Furthermore, the OrderBy
test uses ToArray
to force enumeration of the Linq enumerator, but that obviously returns a type (Person[]
) which is different from the input type (List<Person>
). I therefore re-ran the test using ToList
rather than ToArray
and got an even bigger difference:
Sort: 25175ms
OrderBy: 30259ms
OrderByWithToList: 31458ms
The code:
using System;
using System.Collections.Generic;
using System.Diagnostics;
using System.Linq;
using System.Text;
class Program
{
class NameComparer : IComparer<string>
{
public int Compare(string x, string y)
{
return string.Compare(x, y, true);
}
}
class Person
{
public Person(string id, string name)
{
Id = id;
Name = name;
}
public string Id { get; set; }
public string Name { get; set; }
public override string ToString()
{
return Id + ": " + Name;
}
}
private static Random randomSeed = new Random();
public static string RandomString(int size, bool lowerCase)
{
var sb = new StringBuilder(size);
int start = (lowerCase) ? 97 : 65;
for (int i = 0; i < size; i++)
{
sb.Append((char)(26 * randomSeed.NextDouble() + start));
}
return sb.ToString();
}
private class PersonList : List<Person>
{
public PersonList(IEnumerable<Person> persons)
: base(persons)
{
}
public PersonList()
{
}
public override string ToString()
{
var names = Math.Min(Count, 5);
var builder = new StringBuilder();
for (var i = 0; i < names; i++)
builder.Append(this[i]).Append(", ");
return builder.ToString();
}
}
static void Main()
{
var persons = new PersonList();
for (int i = 0; i < 100000; i++)
{
persons.Add(new Person("P" + i.ToString(), RandomString(5, true)));
}
var unsortedPersons = new PersonList(persons);
const int COUNT = 30;
Stopwatch watch = new Stopwatch();
for (int i = 0; i < COUNT; i++)
{
watch.Start();
Sort(persons);
watch.Stop();
persons.Clear();
persons.AddRange(unsortedPersons);
}
Console.WriteLine("Sort: {0}ms", watch.ElapsedMilliseconds);
watch = new Stopwatch();
for (int i = 0; i < COUNT; i++)
{
watch.Start();
OrderBy(persons);
watch.Stop();
persons.Clear();
persons.AddRange(unsortedPersons);
}
Console.WriteLine("OrderBy: {0}ms", watch.ElapsedMilliseconds);
watch = new Stopwatch();
for (int i = 0; i < COUNT; i++)
{
watch.Start();
OrderByWithToList(persons);
watch.Stop();
persons.Clear();
persons.AddRange(unsortedPersons);
}
Console.WriteLine("OrderByWithToList: {0}ms", watch.ElapsedMilliseconds);
}
static void Sort(List<Person> list)
{
list.Sort((p1, p2) => string.Compare(p1.Name, p2.Name, true));
}
static void OrderBy(List<Person> list)
{
var result = list.OrderBy(n => n.Name, new NameComparer()).ToArray();
}
static void OrderByWithToList(List<Person> list)
{
var result = list.OrderBy(n => n.Name, new NameComparer()).ToList();
}
}
I think it's important to note another difference between Sort
and OrderBy
:
Suppose there exists a Person.CalculateSalary()

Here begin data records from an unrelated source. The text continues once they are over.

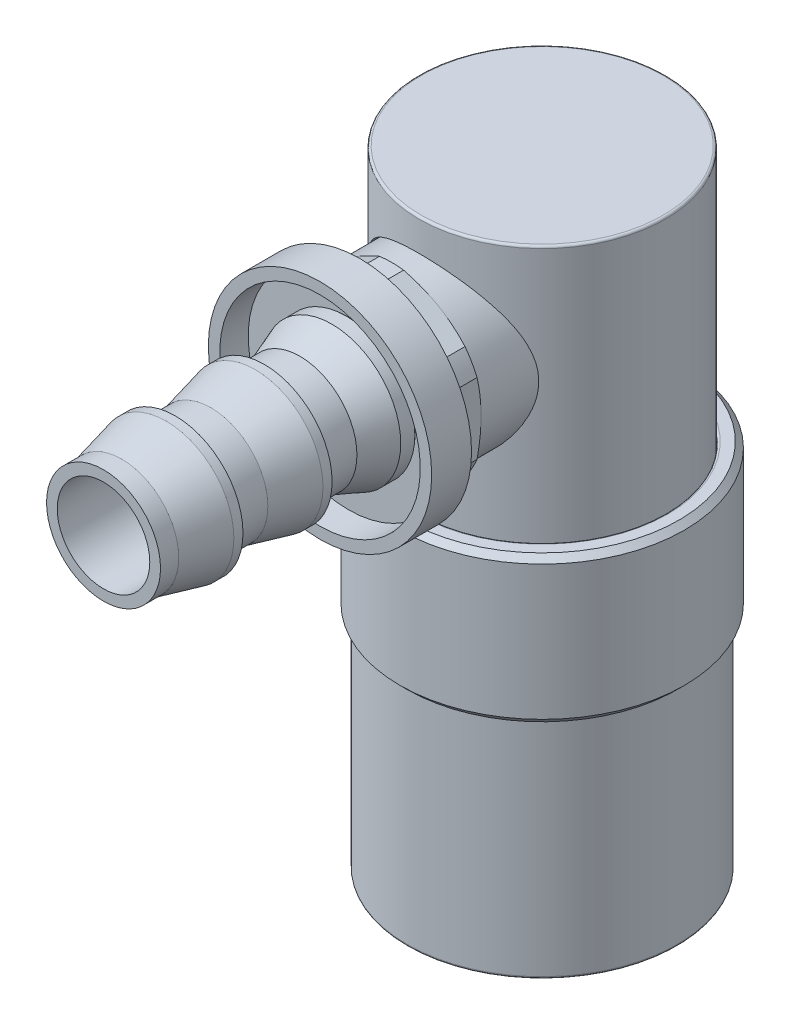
ISO-10303-21;
HEADER;
FILE_DESCRIPTION(('STEP AP214'),'2;1');
FILE_NAME('part.step','',(''),(''),'','','');
FILE_SCHEMA(('AUTOMOTIVE_DESIGN { 1 0 10303 214 1 1 1 1 }'));
ENDSEC;
DATA;
#1=APPLICATION_CONTEXT('core data for automotive mechanical design processes');
#2=APPLICATION_PROTOCOL_DEFINITION('international standard','automotive_design',2000,#1);
#3=PRODUCT_CONTEXT('',#1,'mechanical');
#4=PRODUCT('Part','Part','',(#3));
#5=PRODUCT_RELATED_PRODUCT_CATEGORY('part','',(#4));
#6=PRODUCT_DEFINITION_FORMATION('','',#4);
#7=PRODUCT_DEFINITION_CONTEXT('part definition',#1,'design');
#8=PRODUCT_DEFINITION('design','',#6,#7);
#9=PRODUCT_DEFINITION_SHAPE('','',#8);
#10=(LENGTH_UNIT() NAMED_UNIT(*) SI_UNIT(.MILLI.,.METRE.));
#11=(NAMED_UNIT(*) PLANE_ANGLE_UNIT() SI_UNIT($,.RADIAN.));
#12=(NAMED_UNIT(*) SI_UNIT($,.STERADIAN.) SOLID_ANGLE_UNIT());
#13=UNCERTAINTY_MEASURE_WITH_UNIT(LENGTH_MEASURE(1.E-05),#10,'distance_accuracy_value','');
#14=(GEOMETRIC_REPRESENTATION_CONTEXT(3) GLOBAL_UNCERTAINTY_ASSIGNED_CONTEXT((#13)) GLOBAL_UNIT_ASSIGNED_CONTEXT((#10,
#11,#12)) REPRESENTATION_CONTEXT('',''));
#15=CARTESIAN_POINT('',(0.,0.,0.));
#16=DIRECTION('',(0.,0.,1.));
#17=DIRECTION('',(1.,0.,0.));
#18=AXIS2_PLACEMENT_3D('',#15,#16,#17);
#19=CARTESIAN_POINT('',(0.,56.642,8.89));
#20=DIRECTION('',(0.,0.,-1.));
#21=DIRECTION('',(0.,-1.,0.));
#22=AXIS2_PLACEMENT_3D('',#19,#20,#21);
#23=CONICAL_SURFACE('',#22,6.4262,0.785398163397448);
#24=CARTESIAN_POINT('',(0.,56.642,10.16));
#25=DIRECTION('',(0.,0.,1.));
#26=DIRECTION('',(0.,-1.,0.));
#27=AXIS2_PLACEMENT_3D('',#24,#25,#26);
#28=CIRCLE('',#27,5.1562);
#29=CARTESIAN_POINT('',(0.,61.7982,10.16));
#30=VERTEX_POINT('',#29);
#31=CARTESIAN_POINT('',(0.,51.4858,10.16));
#32=VERTEX_POINT('',#31);
#33=EDGE_CURVE('P0_E11',#30,#32,#28,.T.);
#34=ORIENTED_EDGE('',*,*,#33,.T.);
#35=CARTESIAN_POINT('',(0.,56.642,10.16));
#36=DIRECTION('',(0.,0.,1.));
#37=DIRECTION('',(0.,-1.,0.));
#38=AXIS2_PLACEMENT_3D('',#35,#36,#37);
#39=CIRCLE('',#38,5.1562);
#40=EDGE_CURVE('P0_E29',#32,#30,#39,.T.);
#41=ORIENTED_EDGE('',*,*,#40,.T.);
#42=DIRECTION('',(0.,0.707106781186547,-0.707106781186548));
#43=VECTOR('',#42,1.);
#44=CARTESIAN_POINT('',(0.,63.0682,8.89));
#45=LINE('',#44,#43);
#46=CARTESIAN_POINT('',(0.,64.3382,7.62));
#47=VERTEX_POINT('',#46);
#48=EDGE_CURVE('P0_E264',#30,#47,#45,.T.);
#49=ORIENTED_EDGE('',*,*,#48,.T.);
#50=CARTESIAN_POINT('',(0.,56.642,7.62));
#51=DIRECTION('',(0.,0.,-1.));
#52=DIRECTION('',(0.,-1.,0.));
#53=AXIS2_PLACEMENT_3D('',#50,#51,#52);
#54=CIRCLE('',#53,7.6962);
#55=EDGE_CURVE('P0_E258',#47,#47,#54,.T.);
#56=ORIENTED_EDGE('',*,*,#55,.T.);
#57=ORIENTED_EDGE('',*,*,#48,.F.);
#58=EDGE_LOOP('',(#34,#41,#49,#56,#57));
#59=FACE_BOUND('',#58,.T.);
#60=ADVANCED_FACE('P0_F16',(#59),#23,.F.);
#61=CARTESIAN_POINT('',(0.,61.7982,7.62));
#62=DIRECTION('',(0.,0.,-1.));
#63=DIRECTION('',(0.,1.,0.));
#64=AXIS2_PLACEMENT_3D('',#61,#62,#63);
#65=PLANE('',#64);
#66=CARTESIAN_POINT('',(0.,56.642,7.62));
#67=DIRECTION('',(0.,0.,1.));
#68=DIRECTION('',(0.,1.,0.));
#69=AXIS2_PLACEMENT_3D('',#66,#67,#68);
#70=CIRCLE('',#69,8.509);
#71=CARTESIAN_POINT('',(0.,48.133,7.62));
#72=VERTEX_POINT('',#71);
#73=EDGE_CURVE('P0_E558',#72,#72,#70,.T.);
#74=ORIENTED_EDGE('',*,*,#73,.F.);
#75=EDGE_LOOP('',(#74));
#76=FACE_BOUND('',#75,.T.);
#77=ORIENTED_EDGE('',*,*,#55,.F.);
#78=EDGE_LOOP('',(#77));
#79=FACE_BOUND('',#78,.T.);
#80=ADVANCED_FACE('P0_F260',(#76,#79),#65,.T.);
#81=CARTESIAN_POINT('',(0.,56.642,28.2575));
#82=DIRECTION('',(0.,0.,-1.));
#83=DIRECTION('',(0.,1.,0.));
#84=AXIS2_PLACEMENT_3D('',#81,#82,#83);
#85=CYLINDRICAL_SURFACE('',#84,5.1562);
#86=ORIENTED_EDGE('',*,*,#33,.F.);
#87=ORIENTED_EDGE('',*,*,#40,.F.);
#88=DIRECTION('',(0.,0.,1.));
#89=VECTOR('',#88,1.);
#90=CARTESIAN_POINT('',(0.,51.4858,28.2575));
#91=LINE('',#90,#89);
#92=CARTESIAN_POINT('',(0.,51.4858,48.895));
#93=VERTEX_POINT('',#92);
#94=EDGE_CURVE('P0_E265',#32,#93,#91,.T.);
#95=ORIENTED_EDGE('',*,*,#94,.T.);
#96=CARTESIAN_POINT('',(0.,56.642,48.895));
#97=DIRECTION('',(0.,0.,-1.));
#98=DIRECTION('',(1.,0.,0.));
#99=AXIS2_PLACEMENT_3D('',#96,#97,#98);
#100=CIRCLE('',#99,5.1562);
#101=CARTESIAN_POINT('',(0.,61.7982,48.895));
#102=VERTEX_POINT('',#101);
#103=EDGE_CURVE('P0_E362',#102,#93,#100,.T.);
#104=ORIENTED_EDGE('',*,*,#103,.F.);
#105=CARTESIAN_POINT('',(0.,56.642,48.895));
#106=DIRECTION('',(0.,0.,-1.));
#107=DIRECTION('',(1.,0.,0.));
#108=AXIS2_PLACEMENT_3D('',#105,#106,#107);
#109=CIRCLE('',#108,5.1562);
#110=EDGE_CURVE('P0_E365',#93,#102,#109,.T.);
#111=ORIENTED_EDGE('',*,*,#110,.F.);
#112=ORIENTED_EDGE('',*,*,#94,.F.);
#113=EDGE_LOOP('',(#86,#87,#95,#104,#111,#112));
#114=FACE_BOUND('',#113,.T.);
#115=ADVANCED_FACE('P0_F1010',(#114),#85,.F.);
#116=CARTESIAN_POINT('',(0.,56.642,8.128));
#117=DIRECTION('',(0.,0.,1.));
#118=DIRECTION('',(0.,1.,0.));
#119=AXIS2_PLACEMENT_3D('',#116,#117,#118);
#120=CONICAL_SURFACE('',#119,9.017,0.785398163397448);
#121=ORIENTED_EDGE('',*,*,#73,.T.);
#122=DIRECTION('',(0.,-0.707106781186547,0.707106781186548));
#123=VECTOR('',#122,1.);
#124=CARTESIAN_POINT('',(0.,47.625,8.128));
#125=LINE('',#124,#123);
#126=CARTESIAN_POINT('',(0.,47.15764,8.59536));
#127=VERTEX_POINT('',#126);
#128=EDGE_CURVE('P0_E430',#72,#127,#125,.T.);
#129=ORIENTED_EDGE('',*,*,#128,.T.);
#130=CARTESIAN_POINT('',(0.,56.642,8.59536));
#131=DIRECTION('',(0.,0.,-1.));
#132=DIRECTION('',(0.,1.,0.));
#133=AXIS2_PLACEMENT_3D('',#130,#131,#132);
#134=CIRCLE('',#133,9.48436);
#135=EDGE_CURVE('P0_E423',#127,#127,#134,.T.);
#136=ORIENTED_EDGE('',*,*,#135,.T.);
#137=ORIENTED_EDGE('',*,*,#128,.F.);
#138=EDGE_LOOP('',(#121,#129,#136,#137));
#139=FACE_BOUND('',#138,.T.);
#140=ADVANCED_FACE('P0_F733',(#139),#120,.T.);
#141=CARTESIAN_POINT('',(0.,56.642,11.9761));
#142=DIRECTION('',(0.,0.,-1.));
#143=DIRECTION('',(0.,1.,0.));
#144=AXIS2_PLACEMENT_3D('',#141,#142,#143);
#145=CYLINDRICAL_SURFACE('',#144,9.48436);
#146=ORIENTED_EDGE('',*,*,#135,.F.);
#147=DIRECTION('',(0.,0.,1.));
#148=VECTOR('',#147,1.);
#149=CARTESIAN_POINT('',(0.,47.15764,11.9761));
#150=LINE('',#149,#148);
#151=CARTESIAN_POINT('',(0.,47.15764,16.3087364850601));
#152=VERTEX_POINT('',#151);
#153=EDGE_CURVE('P0_E431',#127,#152,#150,.T.);
#154=ORIENTED_EDGE('',*,*,#153,.T.);
#155=CARTESIAN_POINT('',(0.,56.642,16.3087364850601));
#156=DIRECTION('',(0.,0.,-1.));
#157=DIRECTION('',(0.,1.,0.));
#158=AXIS2_PLACEMENT_3D('',#155,#156,#157);
#159=CIRCLE('',#158,9.48436);
#160=CARTESIAN_POINT('',(-8.21369669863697,51.89982,16.3087364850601));
#161=VERTEX_POINT('',#160);
#162=EDGE_CURVE('P0_E449',#152,#161,#159,.T.);
#163=ORIENTED_EDGE('',*,*,#162,.T.);
#164=CARTESIAN_POINT('',(0.,56.642,16.3087364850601));
#165=DIRECTION('',(0.,0.,-1.));
#166=DIRECTION('',(0.,1.,0.));
#167=AXIS2_PLACEMENT_3D('',#164,#165,#166);
#168=CIRCLE('',#167,9.48436);
#169=EDGE_CURVE('P0_E453',#161,#152,#168,.T.);
#170=ORIENTED_EDGE('',*,*,#169,.T.);
#171=ORIENTED_EDGE('',*,*,#153,.F.);
#172=EDGE_LOOP('',(#146,#154,#163,#170,#171));
#173=FACE_BOUND('',#172,.T.);
#174=ADVANCED_FACE('P0_F729',(#173),#145,.T.);
#175=CARTESIAN_POINT('',(0.,45.6434773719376,7.62));
#176=DIRECTION('',(0.5,0.866025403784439,0.));
#177=DIRECTION('',(0.,0.,-1.));
#178=AXIS2_PLACEMENT_3D('',#175,#176,#177);
#179=PLANE('',#178);
#180=CARTESIAN_POINT('',(-1.33978520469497,46.4170027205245,16.7868056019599));
#181=CARTESIAN_POINT('',(-3.1190710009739,47.4442738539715,16.3322));
#182=CARTESIAN_POINT('',(-4.7625,48.3931080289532,16.3322));
#183=CARTESIAN_POINT('',(-6.40592899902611,49.341942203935,16.3322));
#184=CARTESIAN_POINT('',(-8.18521479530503,50.3692133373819,16.7868056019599));
#185=(BOUNDED_CURVE() B_SPLINE_CURVE(2,(#180,#181,#182,#183,#184),.UNSPECIFIED.,.F.,
.F.) B_SPLINE_CURVE_WITH_KNOTS((3,2,3),(0.,0.398430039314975,0.796860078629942),
.UNSPECIFIED.) CURVE() GEOMETRIC_REPRESENTATION_ITEM() RATIONAL_B_SPLINE_CURVE((1.,
1.02045741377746,1.,1.02045741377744,1.)) REPRESENTATION_ITEM(''));
#186=CARTESIAN_POINT('',(-1.33978520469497,46.4170027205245,16.7868056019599));
#187=VERTEX_POINT('',#186);
#188=CARTESIAN_POINT('',(-8.18521479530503,50.3692133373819,16.7868056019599));
#189=VERTEX_POINT('',#188);
#190=EDGE_CURVE('P0_E336',#187,#189,#185,.T.);
#191=ORIENTED_EDGE('',*,*,#190,.F.);
#192=DIRECTION('',(0.,0.,-1.));
#193=VECTOR('',#192,1.);
#194=CARTESIAN_POINT('',(-1.33978520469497,46.4170027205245,18.2482891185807));
#195=LINE('',#194,#193);
#196=CARTESIAN_POINT('',(-1.33978520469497,46.4170027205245,19.7097726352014));
#197=VERTEX_POINT('',#196);
#198=EDGE_CURVE('P0_E330',#197,#187,#195,.T.);
#199=ORIENTED_EDGE('',*,*,#198,.F.);
#200=CARTESIAN_POINT('',(-8.18521479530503,50.3692133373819,19.7097726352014));
#201=CARTESIAN_POINT('',(-4.76249999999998,48.3931080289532,20.584272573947));
#202=CARTESIAN_POINT('',(-1.33978520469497,46.4170027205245,19.7097726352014));
#203=(BOUNDED_CURVE() B_SPLINE_CURVE(2,(#200,#201,#202),.UNSPECIFIED.,.F.,
.F.) B_SPLINE_CURVE_WITH_KNOTS((3,3),(0.,0.795654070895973),
.UNSPECIFIED.) CURVE() GEOMETRIC_REPRESENTATION_ITEM() RATIONAL_B_SPLINE_CURVE((1.,
1.08266666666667,1.)) REPRESENTATION_ITEM(''));
#204=CARTESIAN_POINT('',(-8.18521479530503,50.3692133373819,19.7097726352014));
#205=VERTEX_POINT('',#204);
#206=EDGE_CURVE('P0_E304',#205,#197,#203,.T.);
#207=ORIENTED_EDGE('',*,*,#206,.F.);
#208=DIRECTION('',(0.,0.,1.));
#209=VECTOR('',#208,1.);
#210=CARTESIAN_POINT('',(-8.18521479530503,50.3692133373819,18.2482891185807));
#211=LINE('',#210,#209);
#212=EDGE_CURVE('P0_E320',#189,#205,#211,.T.);
#213=ORIENTED_EDGE('',*,*,#212,.F.);
#214=EDGE_LOOP('',(#191,#199,#207,#213));
#215=FACE_BOUND('',#214,.T.);
#216=ADVANCED_FACE('P0_F1302',(#215),#179,.F.);
#217=CARTESIAN_POINT('',(9.525,51.1427386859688,7.62));
#218=DIRECTION('',(-0.5,0.866025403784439,0.));
#219=DIRECTION('',(-0.866025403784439,-0.5,0.));
#220=AXIS2_PLACEMENT_3D('',#217,#218,#219);
#221=PLANE('',#220);
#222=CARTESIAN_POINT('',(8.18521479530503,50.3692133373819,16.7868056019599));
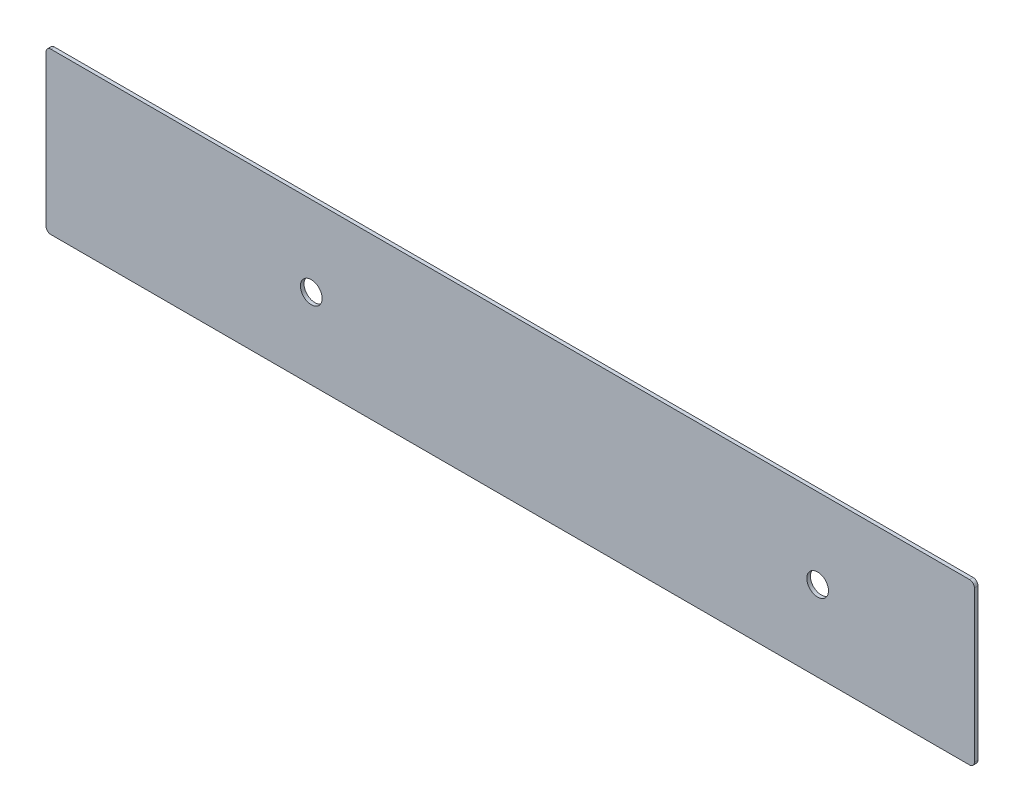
from build123d import *

# Parameters (mm, degrees)
SKETCH2_W           = 385
SKETCH2_H           = 66.6
SKETCH2_R           = 4.5
BOSS_EXTRUDE1_DEPTH = 1.5
FILLET2_R           = 2


with BuildPart() as part:
    # Sketch2 → Boss-Extrude1 (new body)
    with BuildSketch(Plane.XY):
        with Locations((192.5, 33.3)):
            Rectangle(SKETCH2_W, SKETCH2_H)
        with Locations((110, 33.3)):
            Circle(SKETCH2_R, mode=Mode.SUBTRACT)
        with Locations((320, 33.3)):
            Circle(SKETCH2_R, mode=Mode.SUBTRACT)
    extrude(amount=BOSS_EXTRUDE1_DEPTH)

    # Fillet2
    fillet2_edges = [part.edges().sort_by_distance(p)[0] for p in [
        (0, 66.6, 0.75),
        (385, 66.6, 0.75),
        (385, 0, 0.75),
        (0, 0, 0.75),
    ]]
    fillet(fillet2_edges, radius=FILLET2_R)


solid = part.part

method, which takes a lot of time; possibly more than even the operation of sorting a large list.
Compare
// Option 1
persons.Sort((p1, p2) => Compare(p1.CalculateSalary(), p2.CalculateSalary()));
// Option 2
var query = persons.OrderBy(p => p.CalculateSalary());
Option 2 may have superior performance, because it only calls the CalculateSalary
method n times, whereas the Sort
option might call CalculateSalary
up to 2n log(n) times, depending on the sort algorithm's success.